San Bernardo ci ricorda nei suoi Sermones super Cantica Canticorum che “si ama perché si ama e si ama per amare”. Espressione che sembra immediatamente comprensibile, ma che si presenta, invece, ad una più attenta valutazione, tutt’altro che facile da capire.

Gilfredo Marengo, docente stabile di Antropologia teologica presso il Pontificio Istituto Giovanni Paolo II per Studi sul matrimonio e famiglia, dedica un libretto, di appena 65 pagine, ma denso di contenuti, alla questione (2007, Amo perché amo, amo per amare. L’evidenza e il compito, Cantagalli Edizioni, Siena), riportando la riflessione in merito anche all’interno delle osservazioni che Benedetto XVI compie nella sua Deus caritas est.

Oggi, come allora, l’amore resta uno dei temi più importanti per la filosofia, così come per la medicina in generale, perché coinvolge la quasi totalità delle esperienze umane, anche quando crediamo di occuparci d’altro” rispetto all’amare”.

Ogni aspetto della nostra vita è sostanzialmente legato a questo sentimento, al suo nascere, al suo evolversi, esistere e morire, come se l’essenza della nostra volizione si esaurisse proprio in questo particolare tipo di relazione tra noi e le cose, noi e gli altri.

Nonostante l’amore preso in esame sia quello “inter-personale”, l’autore supera l’idea di un amore “inter-soggettivo”, ossia inteso come espressione della volontà di due soggetti, ed approda ad una visione più cosmologicamente intesa.

L’amore che due persone provano l’una per l’altra è una relazione che possiamo davvero comprendere nella sua profondità ed essenza? Si tratta veramente di una relazione fra due persone che vogliono amarsi, desiderano amarsi, oppure è qualcosa di più complesso e forse più misterioso?

Gilfredo Marengo tenta di rispondere a queste domande dal suo punto di vista, ossia quello dell’antropologia teologica, che cerca di individuare l’eventuale legame che esiste fra la vita finita umana e la presenza di Dio in questa vita e non solo oltre il sensibile.

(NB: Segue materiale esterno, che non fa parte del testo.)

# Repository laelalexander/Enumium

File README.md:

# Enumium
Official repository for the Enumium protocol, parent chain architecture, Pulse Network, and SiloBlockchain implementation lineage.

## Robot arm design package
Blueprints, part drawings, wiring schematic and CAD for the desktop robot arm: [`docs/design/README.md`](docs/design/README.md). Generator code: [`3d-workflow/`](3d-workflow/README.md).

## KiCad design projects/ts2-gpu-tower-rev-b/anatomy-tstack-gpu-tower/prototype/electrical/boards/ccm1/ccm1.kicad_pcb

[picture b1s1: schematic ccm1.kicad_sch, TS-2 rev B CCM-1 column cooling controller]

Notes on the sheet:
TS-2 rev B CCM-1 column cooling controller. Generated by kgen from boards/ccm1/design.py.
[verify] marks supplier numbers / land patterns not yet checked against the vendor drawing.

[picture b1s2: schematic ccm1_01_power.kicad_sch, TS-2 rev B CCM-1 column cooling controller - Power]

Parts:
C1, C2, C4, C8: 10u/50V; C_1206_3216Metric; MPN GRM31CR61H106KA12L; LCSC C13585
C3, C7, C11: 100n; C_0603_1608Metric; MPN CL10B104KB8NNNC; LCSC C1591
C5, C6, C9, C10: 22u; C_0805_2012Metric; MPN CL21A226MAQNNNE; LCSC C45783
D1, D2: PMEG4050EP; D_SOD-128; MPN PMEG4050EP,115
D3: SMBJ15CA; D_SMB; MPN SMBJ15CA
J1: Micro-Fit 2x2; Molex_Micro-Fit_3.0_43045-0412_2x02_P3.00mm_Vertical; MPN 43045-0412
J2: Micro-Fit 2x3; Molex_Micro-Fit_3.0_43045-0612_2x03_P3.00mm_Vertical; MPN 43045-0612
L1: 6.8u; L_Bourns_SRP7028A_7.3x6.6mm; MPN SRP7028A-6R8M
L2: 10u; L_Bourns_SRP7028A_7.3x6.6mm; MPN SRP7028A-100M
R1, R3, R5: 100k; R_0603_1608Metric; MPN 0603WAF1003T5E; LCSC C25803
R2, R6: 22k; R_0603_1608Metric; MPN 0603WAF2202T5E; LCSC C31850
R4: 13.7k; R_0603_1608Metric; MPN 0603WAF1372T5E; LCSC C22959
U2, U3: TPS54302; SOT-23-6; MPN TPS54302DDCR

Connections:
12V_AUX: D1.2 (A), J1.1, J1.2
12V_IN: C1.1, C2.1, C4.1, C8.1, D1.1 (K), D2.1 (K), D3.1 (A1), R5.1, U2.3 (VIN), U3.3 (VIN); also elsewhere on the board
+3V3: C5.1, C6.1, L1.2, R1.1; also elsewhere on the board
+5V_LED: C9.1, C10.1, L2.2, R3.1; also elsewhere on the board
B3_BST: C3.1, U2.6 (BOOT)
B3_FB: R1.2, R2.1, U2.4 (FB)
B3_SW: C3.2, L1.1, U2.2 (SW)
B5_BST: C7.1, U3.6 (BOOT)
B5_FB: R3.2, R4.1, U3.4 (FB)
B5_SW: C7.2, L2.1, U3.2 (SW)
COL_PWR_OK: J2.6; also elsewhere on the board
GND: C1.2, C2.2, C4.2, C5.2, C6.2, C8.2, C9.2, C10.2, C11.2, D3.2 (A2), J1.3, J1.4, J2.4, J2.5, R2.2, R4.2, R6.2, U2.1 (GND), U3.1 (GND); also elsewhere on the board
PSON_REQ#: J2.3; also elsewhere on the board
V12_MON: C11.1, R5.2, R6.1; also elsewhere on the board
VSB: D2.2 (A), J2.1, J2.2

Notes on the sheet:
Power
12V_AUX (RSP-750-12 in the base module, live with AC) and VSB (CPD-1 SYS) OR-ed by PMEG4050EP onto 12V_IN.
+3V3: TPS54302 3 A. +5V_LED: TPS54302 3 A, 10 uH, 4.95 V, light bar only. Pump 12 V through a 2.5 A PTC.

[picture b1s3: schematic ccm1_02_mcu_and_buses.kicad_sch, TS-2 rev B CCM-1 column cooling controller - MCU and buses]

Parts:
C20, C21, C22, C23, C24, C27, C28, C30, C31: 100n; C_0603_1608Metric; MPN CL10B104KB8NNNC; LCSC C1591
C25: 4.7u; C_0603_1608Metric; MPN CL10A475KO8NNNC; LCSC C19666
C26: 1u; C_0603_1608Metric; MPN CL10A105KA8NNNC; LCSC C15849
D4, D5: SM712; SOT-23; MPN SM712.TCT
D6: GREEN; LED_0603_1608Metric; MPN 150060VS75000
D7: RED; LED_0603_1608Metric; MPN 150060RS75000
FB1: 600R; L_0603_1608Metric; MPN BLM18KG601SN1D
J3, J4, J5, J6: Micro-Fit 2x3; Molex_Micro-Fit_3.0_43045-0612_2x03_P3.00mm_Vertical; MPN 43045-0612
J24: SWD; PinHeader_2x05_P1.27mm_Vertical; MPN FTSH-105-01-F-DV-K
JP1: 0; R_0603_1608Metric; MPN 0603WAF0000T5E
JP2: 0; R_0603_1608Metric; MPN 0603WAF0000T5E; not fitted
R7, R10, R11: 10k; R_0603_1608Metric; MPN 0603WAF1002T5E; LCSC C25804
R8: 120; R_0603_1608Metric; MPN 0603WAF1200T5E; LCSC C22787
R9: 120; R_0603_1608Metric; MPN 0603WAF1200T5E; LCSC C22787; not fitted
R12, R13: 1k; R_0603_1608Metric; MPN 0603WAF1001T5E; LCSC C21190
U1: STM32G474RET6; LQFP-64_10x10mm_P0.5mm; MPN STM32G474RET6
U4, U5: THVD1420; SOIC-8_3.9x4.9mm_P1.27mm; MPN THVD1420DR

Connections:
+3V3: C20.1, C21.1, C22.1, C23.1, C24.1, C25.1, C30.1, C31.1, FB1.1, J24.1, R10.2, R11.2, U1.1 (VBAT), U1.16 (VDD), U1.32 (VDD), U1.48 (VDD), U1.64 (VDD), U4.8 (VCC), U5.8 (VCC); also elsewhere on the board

Dopo una prima analisi della differenza che esiste fra amore erotico e amore agapico, con la chiara supremazia del primo rispetto al secondo, perché il primo basato su un atto di accoglienza che scende dal cielo verso l’uomo e non frutto del mero desiderio libidico umano, l’autore entra nel vivo della questione chiedendosi se possiamo veramente disquisire dell’amore e sull’amore senza averne fatto esperienza?

È tuttavia evidente che l’esperienza che dell’amore facciamo deve contenere qualche cosa di universale e generale per poterla raccontare, altrimenti sarebbero poche le persone in grado di comprenderla.

L’aspetto universale dell’amore, secondo la prospettiva del Marengo, che appunto mette in luce gli elementi teorici presenti in San Bernardo, è il concetto di libertà, con la quale si manifesta l’amore.

Egli scrive infatti che “la modalità di raccordo tra l’umano e il divino, secondo la forma cristologica, non può essere concepita che come l’incontro di due libertà” (pg. 27), all’interno del quale è l’amore stesso che diventa maestro e guida degli amanti.

Non possiamo argomentare sull’amore senza averlo prima sperimentato, mentre possiamo dire qualche cosa circa il pianeta Nettuno, anche se non ne abbiamo fatto esperienza concreta. E questo siamo in grado di farlo solo sulla base delle nostre generalizzazioni mentali circa il nostro esperire il mondo in cui viviamo.

Eppure saremo lontani, dalla conoscenza di Nettuno, sino a quando non avremo la possibilità di camminarci sopra, ossia di provare delle reazioni neuro-fisiologiche presenti quando avessimo la possibilità di farne diretta esperienza.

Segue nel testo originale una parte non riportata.